Una frontera mítica1

He cruzado multitud de fronteras a lo largo y ancho del mundo. En mi imaginario siempre ha habido unas cuantas que me han atraído particularmente. Todas ellas por razones diferentes. Algunas las he llegado a cruzar en algún momento de mi vida, como el Puente de la Amistad que une Nepal con China, o la que une Pakistán con India por Amristar, o la que une China con Pakistán por la Karakorum Highway, o la que une Estados Unidos con Méjico por El Paso, o la que une Irán con Turquía por el lugar desde donde se divisa el Monte Ararat, o la que une Camboya con Vietnam a lo largo del Mekong (ésta la llegué a cruzar, pero era ilegal y los militares me devolvieron a Camboya agarrándome del brazo). Sin embargo, me quedan otras por cruzar que tienen para mí un significado especial, me atrevería a decir que incluso mítico. Entre éstas últimas se encontraba la que separa Marruecos de Mauritania.

Traspasar esta frontera se había llegado a convertir para mí, por diferentes motivos, en algo que no podía dejar de hacer en algún momento de mi vida. Sobre ella había leído y escuchado todo tipo de historias relacionadas con la aventura en su estado más puro: habría que superar la franja de territorio entre los dos países que no pertenece a ninguno de ellos, o del que ambos se desentienden, exponiéndose a ciertos riesgos y peligros, y habría que sortear un territorio de minas, legado de la guerra, con riesgo de la propia vida, decían.

Been there, done that, que dicen los estadounidenses. 

La Tierra de Nadie no es una franja de unos 30 kilómetros de ancho, como me han llegado a contar quienes no conocían el lugar personalmente, sino de 3  kilómetros, como he podido comprobar. Se trata de un paraje desierto de vegetación y de almas. Teniéndolo a la vista no da la sensación de ser un lugar con ese aspecto inspirador y evocador que tenía sobre el mapa. Sobre el terreno es un lugar inhóspito, agresivo, cuya desolación no sugiere otra cosa que desamparo. Es medio día. El calor va en aumento, y casi puedo notar como la temperatura sube por minutos. Del sol salen unos inmensos tubos que vierten sobre el lugar una luz blanca, cegadora. Me doy cuenta de que mi sombra me ha abandonado. No tengo sombra. 

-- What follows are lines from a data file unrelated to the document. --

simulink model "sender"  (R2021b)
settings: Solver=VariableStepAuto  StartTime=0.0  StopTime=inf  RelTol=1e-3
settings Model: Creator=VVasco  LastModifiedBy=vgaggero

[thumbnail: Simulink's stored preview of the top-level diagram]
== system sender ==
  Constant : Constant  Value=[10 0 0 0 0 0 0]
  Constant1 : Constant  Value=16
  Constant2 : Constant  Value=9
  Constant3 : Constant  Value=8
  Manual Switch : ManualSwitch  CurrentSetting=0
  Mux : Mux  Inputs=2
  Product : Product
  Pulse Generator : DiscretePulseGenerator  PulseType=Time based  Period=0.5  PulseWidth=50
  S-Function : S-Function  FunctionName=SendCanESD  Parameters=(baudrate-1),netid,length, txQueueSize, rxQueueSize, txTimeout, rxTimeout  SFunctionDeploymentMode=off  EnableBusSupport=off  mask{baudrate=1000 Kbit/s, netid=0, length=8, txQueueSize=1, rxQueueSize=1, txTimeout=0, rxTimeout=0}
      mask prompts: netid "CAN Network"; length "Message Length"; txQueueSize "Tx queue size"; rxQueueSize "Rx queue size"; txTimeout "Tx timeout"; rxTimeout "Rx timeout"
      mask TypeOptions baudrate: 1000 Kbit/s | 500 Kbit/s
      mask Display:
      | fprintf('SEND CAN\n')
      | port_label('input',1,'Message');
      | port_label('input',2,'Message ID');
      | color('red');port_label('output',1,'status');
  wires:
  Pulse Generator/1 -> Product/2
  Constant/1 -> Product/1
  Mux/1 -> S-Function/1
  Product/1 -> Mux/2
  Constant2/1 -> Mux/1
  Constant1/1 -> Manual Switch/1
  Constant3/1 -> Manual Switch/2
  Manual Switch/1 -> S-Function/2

Cuenta la leyenda que el lugar está habitado por personas, subsaharianos normalmente (a algunos por aquí les cuesta creerlo, pero a fe mía que los subsaharianos son también personas), que han quedado varadas entre dos países, a los que se ha impedido entrar en aquel al que iban y sin posibilidad de pedir visado para regresar a aquel del que procedían, y que sobreviven de asaltar coches que, desprotegidos o a deshora, transitan de una frontera a la otra. Se dice que desvalijan a sus conductores y desguazan sus coches, cuyas piezas venden en un mercado negro que, como en todo puesto fronterizo, se ha generado en las inmediaciones. Después, queman los restos para borrar rastros.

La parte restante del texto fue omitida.